→ **TASK DETAILS**
Scan the entries below. List each line with "through".

/---

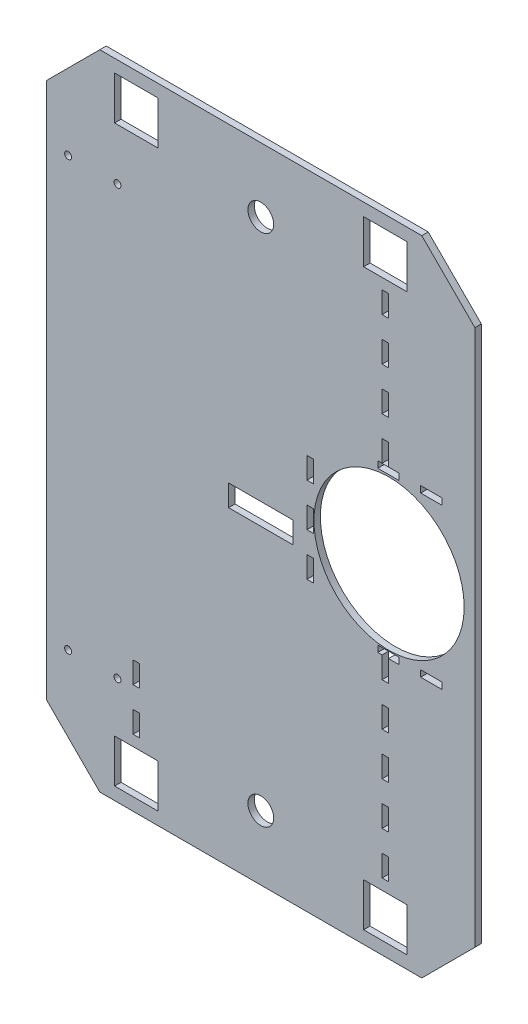
from build123d import *

# Parameters (mm, degrees)
BASE_DEPTH                      = 3
ESQUISSE3_W                     = 20.2
ESQUISSE3_H                     = 20.2
ENL_V_MAT_EXTRU_1_DEPTH         = 4
R_P_TITION_LIN_AIRE1_COUNT      = 2
R_P_TITION_LIN_AIRE1_PITCH      = 267.5
R_P_TITION_LIN_AIRE1_COUNT_DIR2 = 2
R_P_TITION_LIN_AIRE1_PITCH_DIR2 = 116
ESQUISSE4_R                     = 35
ENL_V_MAT_EXTRU_2_DEPTH         = 4
ESQUISSE5_R                     = 6
ESQUISSE5_W                     = 30
ESQUISSE5_H                     = 10
ENL_V_MAT_EXTRU_3_DEPTH         = 4
ESQUISSE6_R                     = 1.625
ENL_V_MAT_EXTRU_4_DEPTH         = 4
SKETCH1_W                       = 3
SKETCH1_H                       = 10
CUT_EXTRUDE1_DEPTH              = 4
LPATTERN1_COUNT                 = 4
LPATTERN1_PITCH                 = 20
SKETCH2_W                       = 3
SKETCH2_H                       = 10
CUT_EXTRUDE2_DEPTH              = 4
LPATTERN2_COUNT                 = 5
LPATTERN2_PITCH                 = 20
SKETCH4_W                       = 3
SKETCH4_H                       = 10
CUT_EXTRUDE3_DEPTH              = 4
LPATTERN3_COUNT                 = 2
LPATTERN3_PITCH                 = 20
ESQUISSE7_W                     = 10
ESQUISSE7_H                     = 3
ENL_V_MAT_EXTRU_5_DEPTH         = 3
ESQUISSE8_W                     = 3
ESQUISSE8_H                     = 10
ENL_V_MAT_EXTRU_6_DEPTH         = 3


with BuildPart() as part:
    # Esquisse1 → Base (new body)
    with BuildSketch(Plane.XY):
        Polygon((24.748737342, 24.748737342), (0, 0), (-150, 0), (-174.748737342, 24.748737342), (-174.748737342, 274.748737342), (-150, 299.497474683), (0, 299.497474683), (24.748737342, 274.748737342), align=None)
    extrude(amount=BASE_DEPTH)

    # Esquisse3 → Enlèv. mat.-Extru.1 (cut, through all)
    with BuildSketch(Plane.XY.offset(3)):
        with Locations((-132.998737342, 16)):
            Rectangle(ESQUISSE3_W, ESQUISSE3_H)
    enl_v_mat_extru_1 = extrude(amount=-ENL_V_MAT_EXTRU_1_DEPTH, mode=Mode.SUBTRACT)

    # Répétition linéaire1: Enl_v. mat.-Extru.1 2 × 2
    with Locations(*[(j * R_P_TITION_LIN_AIRE1_PITCH_DIR2, i * R_P_TITION_LIN_AIRE1_PITCH, 0) for i in range(R_P_TITION_LIN_AIRE1_COUNT) for j in range(R_P_TITION_LIN_AIRE1_COUNT_DIR2) if (i, j) != (0, 0)]):
        add(enl_v_mat_extru_1, mode=Mode.SUBTRACT)

    # Esquisse4 → Enlèv. mat.-Extru.2 (cut, through all)
    with BuildSketch(Plane.XY.offset(3)):
        with Locations((-15.251262658, 159.497474683)):
            Circle(ESQUISSE4_R)
    extrude(amount=-ENL_V_MAT_EXTRU_2_DEPTH, mode=Mode.SUBTRACT)

    # Esquisse5 → Enlèv. mat.-Extru.3 (cut, through all)
    with BuildSketch(Plane.XY.offset(3)):
        with Locations((-75, 30)):
            Circle(ESQUISSE5_R)
        with Locations((-75, 269.497474683)):
            Circle(ESQUISSE5_R)
        with Locations((-75, 149.748737342)):
            Rectangle(ESQUISSE5_W, ESQUISSE5_H)
    extrude(amount=-ENL_V_MAT_EXTRU_3_DEPTH, mode=Mode.SUBTRACT)

    # Esquisse6 → Enlèv. mat.-Extru.4 (cut, through all)
    with BuildSketch(Plane.XY.offset(3)):
        with Locations((-164.748737342, 249.497474683)):
            Circle(ESQUISSE6_R)
        with Locations((-141.748737342, 249.497474683)):
            Circle(ESQUISSE6_R)
        with Locations((-164.748737342, 50)):
            Circle(ESQUISSE6_R)
        with Locations((-141.748737342, 50)):
            Circle(ESQUISSE6_R)
    extrude(amount=-ENL_V_MAT_EXTRU_4_DEPTH, mode=Mode.SUBTRACT)

    # Sketch1 → Cut-Extrude1 (cut, through all)
    with BuildSketch(Plane.XY.offset(3)):
        with Locations((-16.998737342, 263.4)):
            Rectangle(SKETCH1_W, SKETCH1_H)
    cut_extrude1 = extrude(amount=-CUT_EXTRUDE1_DEPTH, mode=Mode.SUBTRACT)

    # LPattern1: Cut-Extrude1 ×4
    with Locations(*[(0, -i * LPATTERN1_PITCH, 0) for i in range(1, LPATTERN1_COUNT)]):
        add(cut_extrude1, mode=Mode.SUBTRACT)

    # Sketch2 → Cut-Extrude2 (cut, through all)
    with BuildSketch(Plane.XY.offset(3)):
        with Locations((-16.998737342, 36.1)):
            Rectangle(SKETCH2_W, SKETCH2_H)
    cut_extrude2 = extrude(amount=-CUT_EXTRUDE2_DEPTH, mode=Mode.SUBTRACT)

    # LPattern2: Cut-Extrude2 ×5
    with Locations(*[(0, i * LPATTERN2_PITCH, 0) for i in range(1, LPATTERN2_COUNT)]):
        add(cut_extrude2, mode=Mode.SUBTRACT)

    # Sketch4 → Cut-Extrude3 (cut, through all)
    with BuildSketch(Plane.XY.offset(3)):
        with Locations((-132.998737342, 36.1)):
            Rectangle(SKETCH4_W, SKETCH4_H)
    cut_extrude3 = extrude(amount=-CUT_EXTRUDE3_DEPTH, mode=Mode.SUBTRACT)

    # LPattern3: Cut-Extrude3 ×2
    with Locations(*[(0, i * LPATTERN3_PITCH, 0) for i in range(1, LPATTERN3_COUNT)]):
        add(cut_extrude3, mode=Mode.SUBTRACT)

    # Esquisse7 → Enlèv. mat.-Extru.5 (cut)
    with BuildSketch(Plane.XY.offset(3)):
        with Locations((4.498737342, 122.6)):
            Rectangle(ESQUISSE7_W, ESQUISSE7_H)
        with Locations((-15.501262658, 196.897474683)):
            Rectangle(ESQUISSE7_W, ESQUISSE7_H)
        with Locations((4.498737342, 196.897474683)):
            Rectangle(ESQUISSE7_W, ESQUISSE7_H)
        with Locations((-15.501262658, 122.6)):
            Rectangle(ESQUISSE7_W, ESQUISSE7_H)
    extrude(amount=-ENL_V_MAT_EXTRU_5_DEPTH, mode=Mode.SUBTRACT)

    # Esquisse8 → Enlèv. mat.-Extru.6 (cut)
    with BuildSketch(Plane.XY.offset(3)):
        with Locations((-52.001262658, 159.1)):
            Rectangle(ESQUISSE8_W, ESQUISSE8_H)
        with Locations((-52.001262658, 139.1)):
            Rectangle(ESQUISSE8_W, ESQUISSE8_H)
        with Locations((-52.001262658, 179.1)):
            Rectangle(ESQUISSE8_W, ESQUISSE8_H)
    extrude(amount=-ENL_V_MAT_EXTRU_6_DEPTH, mode=Mode.SUBTRACT)


solid = part.part

\---

→ **WRITTEN REPLY**
    # Esquisse3 → Enlèv. mat.-Extru.1 (cut, through all)
    # Esquisse4 → Enlèv. mat.-Extru.2 (cut, through all)
    # Esquisse5 → Enlèv. mat.-Extru.3 (cut, through all)
    # Esquisse6 → Enlèv. mat.-Extru.4 (cut, through all)
    # Sketch1 → Cut-Extrude1 (cut, through all)
    # Sketch2 → Cut-Extrude2 (cut, through all)
    # Sketch4 → Cut-Extrude3 (cut, through all)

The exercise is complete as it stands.